=== RECORDS FOR PROCESSING ===
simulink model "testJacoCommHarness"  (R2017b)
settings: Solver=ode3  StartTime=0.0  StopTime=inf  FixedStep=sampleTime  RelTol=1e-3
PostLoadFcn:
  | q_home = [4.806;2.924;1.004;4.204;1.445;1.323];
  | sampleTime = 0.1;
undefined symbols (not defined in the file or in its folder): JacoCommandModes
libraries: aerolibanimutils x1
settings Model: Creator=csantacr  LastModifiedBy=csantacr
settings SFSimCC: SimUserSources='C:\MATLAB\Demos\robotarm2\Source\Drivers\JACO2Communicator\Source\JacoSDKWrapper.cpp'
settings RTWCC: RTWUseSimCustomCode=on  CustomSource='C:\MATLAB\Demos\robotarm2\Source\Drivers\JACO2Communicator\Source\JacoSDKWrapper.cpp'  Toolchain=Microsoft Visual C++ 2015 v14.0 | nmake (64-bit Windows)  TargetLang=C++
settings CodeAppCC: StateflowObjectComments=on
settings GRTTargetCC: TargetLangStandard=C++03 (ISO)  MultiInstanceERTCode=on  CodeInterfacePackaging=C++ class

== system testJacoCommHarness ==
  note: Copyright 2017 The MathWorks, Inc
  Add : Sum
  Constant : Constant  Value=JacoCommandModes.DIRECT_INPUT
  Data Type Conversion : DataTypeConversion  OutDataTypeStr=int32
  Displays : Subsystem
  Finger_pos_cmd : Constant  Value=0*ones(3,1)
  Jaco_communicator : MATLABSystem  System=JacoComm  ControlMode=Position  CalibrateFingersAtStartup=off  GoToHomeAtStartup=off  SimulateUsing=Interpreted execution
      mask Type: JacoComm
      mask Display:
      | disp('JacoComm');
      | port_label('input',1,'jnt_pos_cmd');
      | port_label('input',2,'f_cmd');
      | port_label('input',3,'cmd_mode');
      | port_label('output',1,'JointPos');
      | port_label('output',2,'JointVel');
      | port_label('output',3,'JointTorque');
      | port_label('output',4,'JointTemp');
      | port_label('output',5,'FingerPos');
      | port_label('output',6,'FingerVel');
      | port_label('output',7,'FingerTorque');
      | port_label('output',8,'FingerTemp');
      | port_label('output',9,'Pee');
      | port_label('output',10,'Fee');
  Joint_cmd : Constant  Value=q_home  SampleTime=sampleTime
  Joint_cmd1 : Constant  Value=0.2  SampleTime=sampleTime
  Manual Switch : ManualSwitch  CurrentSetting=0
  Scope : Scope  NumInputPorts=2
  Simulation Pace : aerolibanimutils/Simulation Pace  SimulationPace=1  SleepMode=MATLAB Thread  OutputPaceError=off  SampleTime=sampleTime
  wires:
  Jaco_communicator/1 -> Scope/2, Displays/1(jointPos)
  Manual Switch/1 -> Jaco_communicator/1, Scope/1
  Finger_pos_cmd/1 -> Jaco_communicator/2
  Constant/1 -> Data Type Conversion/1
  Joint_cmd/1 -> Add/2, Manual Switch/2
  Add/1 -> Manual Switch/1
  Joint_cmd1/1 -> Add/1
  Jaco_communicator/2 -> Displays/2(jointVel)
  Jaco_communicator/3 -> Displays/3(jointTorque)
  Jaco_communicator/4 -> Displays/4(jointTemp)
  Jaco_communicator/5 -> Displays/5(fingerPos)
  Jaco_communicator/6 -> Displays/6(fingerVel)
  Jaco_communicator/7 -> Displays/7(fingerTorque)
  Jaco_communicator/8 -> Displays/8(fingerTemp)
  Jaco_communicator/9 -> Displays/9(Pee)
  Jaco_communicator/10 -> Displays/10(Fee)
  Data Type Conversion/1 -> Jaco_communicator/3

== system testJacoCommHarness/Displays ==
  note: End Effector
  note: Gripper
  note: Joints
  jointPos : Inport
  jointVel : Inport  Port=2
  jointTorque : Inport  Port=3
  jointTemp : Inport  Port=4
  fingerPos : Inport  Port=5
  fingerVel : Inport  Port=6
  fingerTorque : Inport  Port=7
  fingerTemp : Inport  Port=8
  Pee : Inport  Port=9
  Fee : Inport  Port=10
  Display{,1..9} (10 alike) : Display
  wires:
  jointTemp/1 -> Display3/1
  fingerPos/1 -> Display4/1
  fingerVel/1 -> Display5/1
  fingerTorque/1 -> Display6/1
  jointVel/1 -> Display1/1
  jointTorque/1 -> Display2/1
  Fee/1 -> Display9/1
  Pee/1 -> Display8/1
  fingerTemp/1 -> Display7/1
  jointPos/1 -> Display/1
===
→ WORK ITEM: Full transcription, please: every entry, exactly as written.

→ RESULT FOR THIS TASK:
simulink model "testJacoCommHarness"  (R2017b)
settings: Solver=ode3  StartTime=0.0  StopTime=inf  FixedStep=sampleTime  RelTol=1e-3
PostLoadFcn:
  | q_home = [4.806;2.924;1.004;4.204;1.445;1.323];
  | sampleTime = 0.1;
undefined symbols (not defined in the file or in its folder): JacoCommandModes
libraries: aerolibanimutils x1
settings Model: Creator=csantacr  LastModifiedBy=csantacr
settings SFSimCC: SimUserSources='C:\MATLAB\Demos\robotarm2\Source\Drivers\JACO2Communicator\Source\JacoSDKWrapper.cpp'
settings RTWCC: RTWUseSimCustomCode=on  CustomSource='C:\MATLAB\Demos\robotarm2\Source\Drivers\JACO2Communicator\Source\JacoSDKWrapper.cpp'  Toolchain=Microsoft Visual C++ 2015 v14.0 | nmake (64-bit Windows)  TargetLang=C++
settings CodeAppCC: StateflowObjectComments=on
settings GRTTargetCC: TargetLangStandard=C++03 (ISO)  MultiInstanceERTCode=on  CodeInterfacePackaging=C++ class

== system testJacoCommHarness ==
  note: Copyright 2017 The MathWorks, Inc
  Add : Sum
  Constant : Constant  Value=JacoCommandModes.DIRECT_INPUT
  Data Type Conversion : DataTypeConversion  OutDataTypeStr=int32
  Displays : Subsystem
  Finger_pos_cmd : Constant  Value=0*ones(3,1)
  Jaco_communicator : MATLABSystem  System=JacoComm  ControlMode=Position  CalibrateFingersAtStartup=off  GoToHomeAtStartup=off  SimulateUsing=Interpreted execution
      mask Type: JacoComm
      mask Display:
      | disp('JacoComm');
      | port_label('input',1,'jnt_pos_cmd');
      | port_label('input',2,'f_cmd');
      | port_label('input',3,'cmd_mode');
      | port_label('output',1,'JointPos');
      | port_label('output',2,'JointVel');
      | port_label('output',3,'JointTorque');
      | port_label('output',4,'JointTemp');
      | port_label('output',5,'FingerPos');
      | port_label('output',6,'FingerVel');
      | port_label('output',7,'FingerTorque');
      | port_label('output',8,'FingerTemp');
      | port_label('output',9,'Pee');
      | port_label('output',10,'Fee');
  Joint_cmd : Constant  Value=q_home  SampleTime=sampleTime
  Joint_cmd1 : Constant  Value=0.2  SampleTime=sampleTime
  Manual Switch : ManualSwitch  CurrentSetting=0
  Scope : Scope  NumInputPorts=2
  Simulation Pace : aerolibanimutils/Simulation Pace  SimulationPace=1  SleepMode=MATLAB Thread  OutputPaceError=off  SampleTime=sampleTime
  wires:
  Jaco_communicator/1 -> Scope/2, Displays/1(jointPos)
  Manual Switch/1 -> Jaco_communicator/1, Scope/1
  Finger_pos_cmd/1 -> Jaco_communicator/2
  Constant/1 -> Data Type Conversion/1
  Joint_cmd/1 -> Add/2, Manual Switch/2
  Add/1 -> Manual Switch/1
  Joint_cmd1/1 -> Add/1
  Jaco_communicator/2 -> Displays/2(jointVel)
  Jaco_communicator/3 -> Displays/3(jointTorque)
  Jaco_communicator/4 -> Displays/4(jointTemp)
  Jaco_communicator/5 -> Displays/5(fingerPos)
  Jaco_communicator/6 -> Displays/6(fingerVel)
  Jaco_communicator/7 -> Displays/7(fingerTorque)
  Jaco_communicator/8 -> Displays/8(fingerTemp)
  Jaco_communicator/9 -> Displays/9(Pee)
  Jaco_communicator/10 -> Displays/10(Fee)
  Data Type Conversion/1 -> Jaco_communicator/3

== system testJacoCommHarness/Displays ==
  note: End Effector
  note: Gripper
  note: Joints
  jointPos : Inport
  jointVel : Inport  Port=2
  jointTorque : Inport  Port=3
  jointTemp : Inport  Port=4
  fingerPos : Inport  Port=5
  fingerVel : Inport  Port=6
  fingerTorque : Inport  Port=7
  fingerTemp : Inport  Port=8
  Pee : Inport  Port=9
  Fee : Inport  Port=10
  Display{,1..9} (10 alike) : Display
  wires:
  jointTemp/1 -> Display3/1
  fingerPos/1 -> Display4/1
  fingerVel/1 -> Display5/1
  fingerTorque/1 -> Display6/1
  jointVel/1 -> Display1/1
  jointTorque/1 -> Display2/1
  Fee/1 -> Display9/1
  Pee/1 -> Display8/1
  fingerTemp/1 -> Display7/1
  jointPos/1 -> Display/1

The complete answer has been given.